Well part of the problem is they aren't files. At least /mnt/gentoo definately isn't. "-f" test if it is a file.

 *Quote:*   

> -d filename Returns True if file, filename is a directory. 
> 
> -f filename Returns True if file, filename is an ordinary file. 
> 
> -r filename Returns True if file, filename can be read by the process. 
> ...

 

----------

## Wizumwalt

 *frostschutz wrote:*   

> But the guest has to have access to the drive, the way you stated it in your previous thread it wasn't configured with any drives.

 

Ah, I think I understand what your saying now. I just thought an ide interface was the drive by default, at least that's what I was understanding from the docs. But I think that is wrong.

Can you better recommend what should be on the command line for a serial attached scsi (SAS) drive? Or how to get the info needed for I think ... 

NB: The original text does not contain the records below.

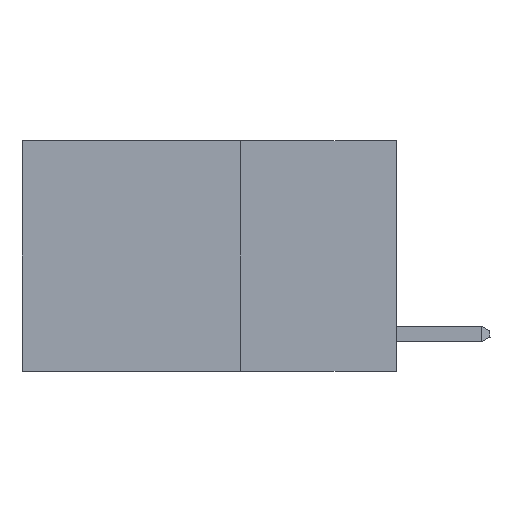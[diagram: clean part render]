
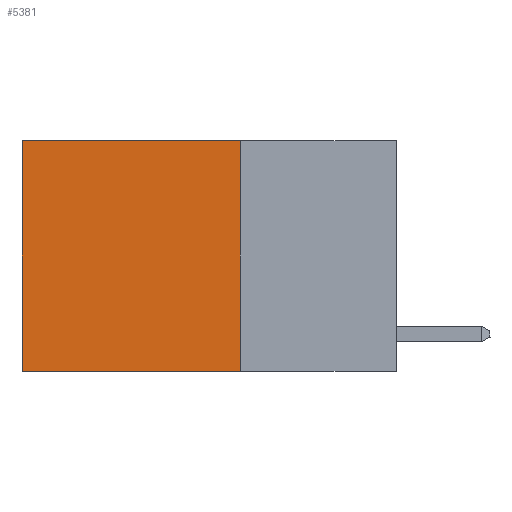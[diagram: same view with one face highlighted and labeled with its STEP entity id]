
A CAD part, left-side view. The second image highlights one B-rep face of the part: STEP entity #5381.
In plain terms, the highlighted planar face has unit normal (-1, 0, 0).
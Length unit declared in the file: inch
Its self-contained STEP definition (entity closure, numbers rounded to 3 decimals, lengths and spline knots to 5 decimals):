
#308 = AXIS2_PLACEMENT_3D ( 'NONE', #8404, #3908, #14392 ) ;
#312 = ORIENTED_EDGE ( 'NONE', *, *, #10114, .T. ) ;
#354 = LINE ( 'NONE', #6502, #7918 ) ;
#997 = DIRECTION ( 'NONE',  ( 0., 1., 0. ) ) ;
#1302 = VECTOR ( 'NONE', #18190, 39.37008 ) ;
#3096 = LINE ( 'NONE', #10034, #14112 ) ;
#3236 = FACE_OUTER_BOUND ( 'NONE', #5028, .T. ) ;
#3755 = VERTEX_POINT ( 'NONE', #11975 ) ;
#3908 = DIRECTION ( 'NONE',  ( 1., 0., 0. ) ) ;
#4355 = ORIENTED_EDGE ( 'NONE', *, *, #10168, .F. ) ;
#4936 = CARTESIAN_POINT ( 'NONE',  ( 0.2625, 0.6, 0. ) ) ;
#5028 = EDGE_LOOP ( 'NONE', ( #13934, #5988, #4355, #312 ) ) ;
#5381 = ADVANCED_FACE ( 'NONE', ( #3236 ), #12905, .F. ) ;
#5988 = ORIENTED_EDGE ( 'NONE', *, *, #18582, .F. ) ;
#6144 = VECTOR ( 'NONE', #7978, 39.37008 ) ;
#6502 = CARTESIAN_POINT ( 'NONE',  ( 0.2625, 0.25, 0. ) ) ;
#7380 = VERTEX_POINT ( 'NONE', #18282 ) ;
#7918 = VECTOR ( 'NONE', #15424, 39.37008 ) ;
#7978 = DIRECTION ( 'NONE',  ( 0., 0., -1. ) ) ;
#8404 = CARTESIAN_POINT ( 'NONE',  ( 0.2625, 0.25, 0. ) ) ;
#9018 = VERTEX_POINT ( 'NONE', #14248 ) ;
#9329 = LINE ( 'NONE', #13826, #1302 ) ;
#10034 = CARTESIAN_POINT ( 'NONE',  ( 0.2625, 0.25, -0.37 ) ) ;
#10114 = EDGE_CURVE ( 'NONE', #7380, #9018, #9329, .T. ) ;
#10168 = EDGE_CURVE ( 'NONE', #7380, #10221, #354, .T. ) ;
#10221 = VERTEX_POINT ( 'NONE', #14008 ) ;
#11975 = CARTESIAN_POINT ( 'NONE',  ( 0.2625, 0.6, -0.37 ) ) ;
#12905 = PLANE ( 'NONE',  #308 ) ;
#13826 = CARTESIAN_POINT ( 'NONE',  ( 0.2625, 0.25, 0. ) ) ;
#13934 = ORIENTED_EDGE ( 'NONE', *, *, #19001, .T. ) ;
#14008 = CARTESIAN_POINT ( 'NONE',  ( 0.2625, 0.25, -0.37 ) ) ;
#14112 = VECTOR ( 'NONE', #997, 39.37008 ) ;
#14248 = CARTESIAN_POINT ( 'NONE',  ( 0.2625, 0.6, 0. ) ) ;
#14392 = DIRECTION ( 'NONE',  ( 0., 0., -1. ) ) ;
#15424 = DIRECTION ( 'NONE',  ( 0., 0., -1. ) ) ;
#17945 = LINE ( 'NONE', #4936, #6144 ) ;
#18190 = DIRECTION ( 'NONE',  ( 0., 1., 0. ) ) ;
#18282 = CARTESIAN_POINT ( 'NONE',  ( 0.2625, 0.25, 0. ) ) ;
#18582 = EDGE_CURVE ( 'NONE', #10221, #3755, #3096, .T. ) ;
#19001 = EDGE_CURVE ( 'NONE', #9018, #3755, #17945, .T. ) ;
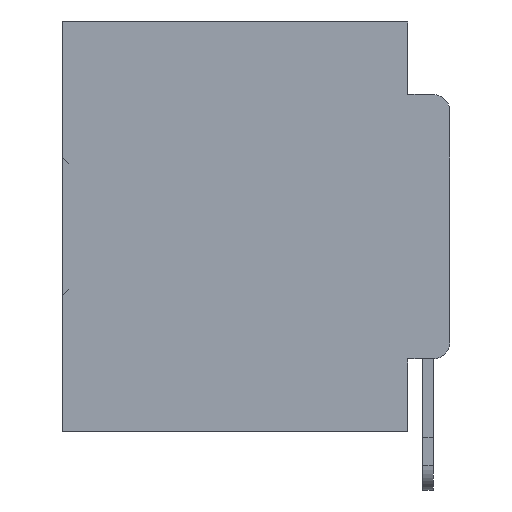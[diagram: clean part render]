
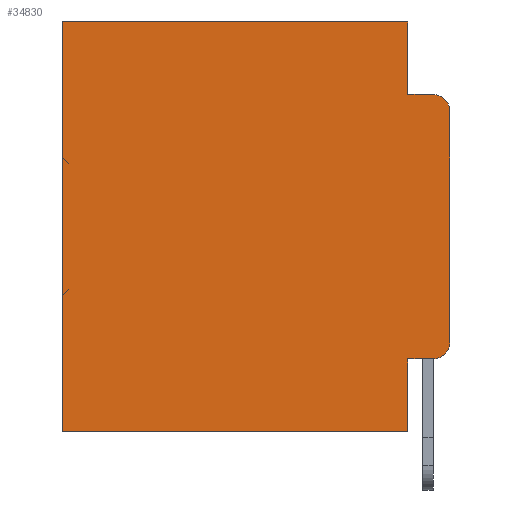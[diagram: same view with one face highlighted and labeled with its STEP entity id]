
A CAD part, left-side view. The second image highlights one B-rep face of the part: STEP entity #34830.
In plain terms, the highlighted planar face has unit normal (-1, 0, 0).
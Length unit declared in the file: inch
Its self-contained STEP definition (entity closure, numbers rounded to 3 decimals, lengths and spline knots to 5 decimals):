
#292 = LINE ( 'NONE', #2360, #22307 ) ;
#402 = ORIENTED_EDGE ( 'NONE', *, *, #21389, .T. ) ;
#870 = ORIENTED_EDGE ( 'NONE', *, *, #32549, .F. ) ;
#952 = ORIENTED_EDGE ( 'NONE', *, *, #5694, .F. ) ;
#1030 = DIRECTION ( 'NONE',  ( 0., 0., -1. ) ) ;
#1104 = VECTOR ( 'NONE', #9628, 39.37008 ) ;
#1476 = ORIENTED_EDGE ( 'NONE', *, *, #31356, .T. ) ;
#1527 = ORIENTED_EDGE ( 'NONE', *, *, #4392, .T. ) ;
#1552 = ORIENTED_EDGE ( 'NONE', *, *, #26379, .T. ) ;
#1674 = EDGE_CURVE ( 'NONE', #26949, #21182, #31456, .T. ) ;
#2360 = CARTESIAN_POINT ( 'NONE',  ( 0.298, 0.051, -0.4115 ) ) ;
#2878 = LINE ( 'NONE', #9761, #31990 ) ;
#3933 = EDGE_CURVE ( 'NONE', #16776, #5674, #32024, .T. ) ;
#4228 = ORIENTED_EDGE ( 'NONE', *, *, #1674, .F. ) ;
#4392 = EDGE_CURVE ( 'NONE', #26949, #32153, #2878, .T. ) ;
#4616 = LINE ( 'NONE', #15518, #26382 ) ;
#5306 = DIRECTION ( 'NONE',  ( 0., -1., 0. ) ) ;
#5398 = CARTESIAN_POINT ( 'NONE',  ( 0.298, 0.051, -0.5 ) ) ;
#5674 = VERTEX_POINT ( 'NONE', #21069 ) ;
#5694 = EDGE_CURVE ( 'NONE', #16115, #18705, #4616, .T. ) ;
#6414 = ORIENTED_EDGE ( 'NONE', *, *, #8521, .T. ) ;
#6735 = CARTESIAN_POINT ( 'NONE',  ( 0.298, 0., -0.5 ) ) ;
#7024 = DIRECTION ( 'NONE',  ( 0., 1., 0. ) ) ;
#8447 = DIRECTION ( 'NONE',  ( 0., 0., -1. ) ) ;
#8521 = EDGE_CURVE ( 'NONE', #16776, #29193, #31688, .T. ) ;
#8789 = ORIENTED_EDGE ( 'NONE', *, *, #19233, .F. ) ;
#8961 = CARTESIAN_POINT ( 'NONE',  ( 0.298, 0.02, -0.4115 ) ) ;
#9628 = DIRECTION ( 'NONE',  ( 0., 1., 0. ) ) ;
#9668 = EDGE_LOOP ( 'NONE', ( #10964, #6414, #8789, #4228, #1527, #402, #870, #952, #1476, #1552 ) ) ;
#9761 = CARTESIAN_POINT ( 'NONE',  ( 0.298, 0., 0. ) ) ;
#9938 = CARTESIAN_POINT ( 'NONE',  ( 0.298, 0.473, -0.5 ) ) ;
#10669 = DIRECTION ( 'NONE',  ( 0., -1., 0. ) ) ;
#10700 = LINE ( 'NONE', #6735, #1104 ) ;
#10964 = ORIENTED_EDGE ( 'NONE', *, *, #3933, .F. ) ;
#11199 = VECTOR ( 'NONE', #10669, 39.37008 ) ;
#11279 = DIRECTION ( 'NONE',  ( 1., 0., 0. ) ) ;
#11705 = CARTESIAN_POINT ( 'NONE',  ( 0.298, 0.473, 0. ) ) ;
#14557 = VERTEX_POINT ( 'NONE', #9938 ) ;
#15518 = CARTESIAN_POINT ( 'NONE',  ( 0.298, 0.051, 0. ) ) ;
#15854 = AXIS2_PLACEMENT_3D ( 'NONE', #16407, #35726, #19262 ) ;
#16115 = VERTEX_POINT ( 'NONE', #27764 ) ;
#16407 = CARTESIAN_POINT ( 'NONE',  ( 0.298, 0.02, -0.3915 ) ) ;
#16776 = VERTEX_POINT ( 'NONE', #19439 ) ;
#17158 = AXIS2_PLACEMENT_3D ( 'NONE', #28102, #11279, #30811 ) ;
#18279 = DIRECTION ( 'NONE',  ( -1., 0., 0. ) ) ;
#18290 = FACE_OUTER_BOUND ( 'NONE', #9668, .T. ) ;
#18350 = DIRECTION ( 'NONE',  ( 0., 0., -1. ) ) ;
#18705 = VERTEX_POINT ( 'NONE', #5398 ) ;
#19233 = EDGE_CURVE ( 'NONE', #21182, #29193, #26178, .T. ) ;
#19262 = DIRECTION ( 'NONE',  ( 0., 0., -1. ) ) ;
#19352 = DIRECTION ( 'NONE',  ( 0., 0., -1. ) ) ;
#19439 = CARTESIAN_POINT ( 'NONE',  ( 0.298, 0., -0.1085 ) ) ;
#20017 = CARTESIAN_POINT ( 'NONE',  ( 0.298, 0.051, 0. ) ) ;
#20310 = LINE ( 'NONE', #11705, #26866 ) ;
#21069 = CARTESIAN_POINT ( 'NONE',  ( 0.298, 0., -0.3915 ) ) ;
#21182 = VERTEX_POINT ( 'NONE', #27826 ) ;
#21389 = EDGE_CURVE ( 'NONE', #32153, #14557, #20310, .T. ) ;
#22054 = CARTESIAN_POINT ( 'NONE',  ( 0.298, 0.051, -0.0885 ) ) ;
#22307 = VECTOR ( 'NONE', #5306, 39.37008 ) ;
#23205 = DIRECTION ( 'NONE',  ( 0., 0., -1. ) ) ;
#24197 = VECTOR ( 'NONE', #8447, 39.37008 ) ;
#24420 = CIRCLE ( 'NONE', #15854, 0.02 ) ;
#24766 = VECTOR ( 'NONE', #19352, 39.37008 ) ;
#26178 = LINE ( 'NONE', #22054, #11199 ) ;
#26379 = EDGE_CURVE ( 'NONE', #34144, #5674, #24420, .T. ) ;
#26382 = VECTOR ( 'NONE', #18350, 39.37008 ) ;
#26866 = VECTOR ( 'NONE', #23205, 39.37008 ) ;
#26949 = VERTEX_POINT ( 'NONE', #20017 ) ;
#27764 = CARTESIAN_POINT ( 'NONE',  ( 0.298, 0.051, -0.4115 ) ) ;
#27826 = CARTESIAN_POINT ( 'NONE',  ( 0.298, 0.051, -0.0885 ) ) ;
#28102 = CARTESIAN_POINT ( 'NONE',  ( 0.298, 0., 0. ) ) ;
#28992 = AXIS2_PLACEMENT_3D ( 'NONE', #34778, #18279, #1030 ) ;
#29193 = VERTEX_POINT ( 'NONE', #33114 ) ;
#29998 = CARTESIAN_POINT ( 'NONE',  ( 0.298, 0.473, 0. ) ) ;
#30101 = PLANE ( 'NONE',  #17158 ) ;
#30811 = DIRECTION ( 'NONE',  ( 0., 0., -1. ) ) ;
#31356 = EDGE_CURVE ( 'NONE', #16115, #34144, #292, .T. ) ;
#31456 = LINE ( 'NONE', #32096, #24197 ) ;
#31688 = CIRCLE ( 'NONE', #28992, 0.02 ) ;
#31990 = VECTOR ( 'NONE', #7024, 39.37008 ) ;
#32024 = LINE ( 'NONE', #35810, #24766 ) ;
#32096 = CARTESIAN_POINT ( 'NONE',  ( 0.298, 0.051, 0. ) ) ;
#32153 = VERTEX_POINT ( 'NONE', #29998 ) ;
#32549 = EDGE_CURVE ( 'NONE', #18705, #14557, #10700, .T. ) ;
#33114 = CARTESIAN_POINT ( 'NONE',  ( 0.298, 0.02, -0.0885 ) ) ;
#34144 = VERTEX_POINT ( 'NONE', #8961 ) ;
#34778 = CARTESIAN_POINT ( 'NONE',  ( 0.298, 0.02, -0.1085 ) ) ;
#34830 = ADVANCED_FACE ( 'NONE', ( #18290 ), #30101, .F. ) ;
#35726 = DIRECTION ( 'NONE',  ( -1., 0., 0. ) ) ;
#35810 = CARTESIAN_POINT ( 'NONE',  ( 0.298, 0., 0. ) ) ;
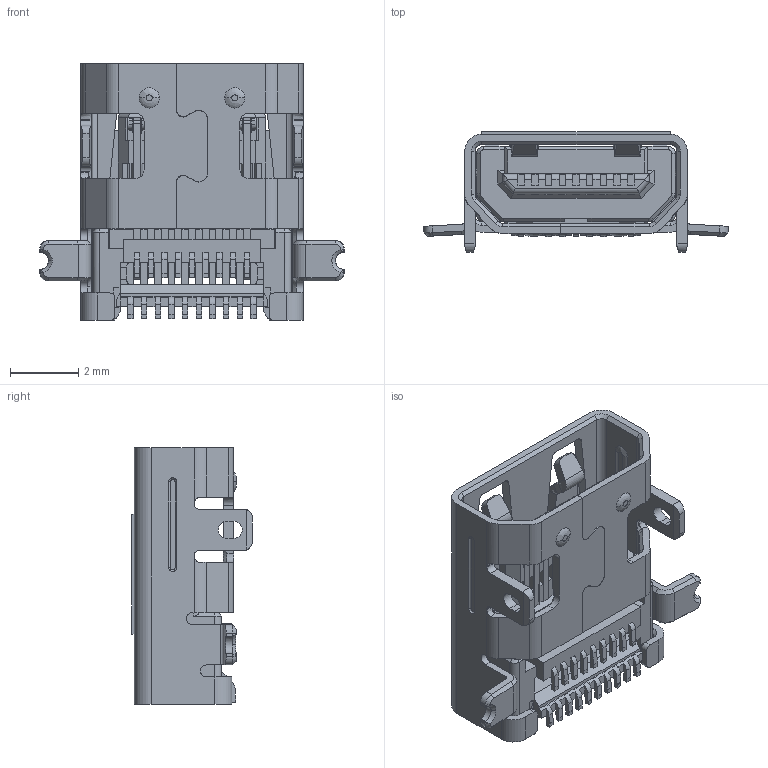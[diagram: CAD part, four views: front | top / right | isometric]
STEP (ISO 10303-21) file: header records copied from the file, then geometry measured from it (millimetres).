
FILE_DESCRIPTION (( 'STEP AP214' ), '1' );
FILE_NAME ('694H319-169-211.STEP', '2021-01-13T18:51:16', ( '' ), ( '' ), 'SwSTEP 2.0', 'SolidWorks 2020', '' );
FILE_SCHEMA (( 'AUTOMOTIVE_DESIGN' ));
Length unit declared in the file: millimetre
Products named in the file (4): Shell 694H319-X69-211; Tape 694H319-X69-211; Insulator 694H319-X69-211; 694H319-169-211
Assembly tree (3 placements, depth 2):
  694H319-169-211
    Insulator 694H319-X69-211
    Shell 694H319-X69-211
    Tape 694H319-X69-211
Bounding box: 8.9 x 3.53 x 7.5 mm (x, y, z)
Volume: 62.3 mm3; surface area: 459.3 mm2
Topology: 3 solids, 3 shells, 1453 faces, 4216 edges, 2682 vertices
Faces by surface type: plane 1130, cylinder 217, cone 70, bspline 36
Entity records: 60351 total; most frequent: CARTESIAN_POINT 11908, ORIENTED_EDGE 8414, DIRECTION 6681, EDGE_CURVE 4207, LINE 3239, VECTOR 3239, VERTEX_POINT 2682, AXIS2_PLACEMENT_3D 1721

-drive file=/dev/sda3,if=scsi,bus=0,unit=6 

 *rh1 wrote:*   

> 
> 
> Well part of the problem is they aren't files. At least /mnt/gentoo definately isn't. "-f" test if it is a file.
> 
> 

 

Thanks, I missed that too.

----------

## frostschutz

I get the best performance with -drive file=/dev/device,cache=none,if=virtio as suggested by http://www.linux-kvm.org/page/Tuning_KVM

will appear as /dev/vda in the VM

I actually partition that and use grub inside the VM, I have no experience with passing through single partitions and booting kernel directly through KVM.

If I had to do that it'd probably actually leave it that way and just put the filesystem on vda directly, without any partitions. Linux isn't picky about device names.

----------

## Wizumwalt

 *frostschutz wrote:*   

> I get the best performance with -drive file=/dev/device,cache=none,if=virtio as suggested by http://www.linux-kvm.org/page/Tuning_KVM
> 
> 

 

I can't seem to get this to work. Is device your hd (sda), or a partition (sda3) or what? I've tried several things, just keep getting the same error.

Does CONFIG_VIRTIO_PCI need to be enabled in my 2.6.34-r6 kernel for this to work?

Here's the line I've been changing up ...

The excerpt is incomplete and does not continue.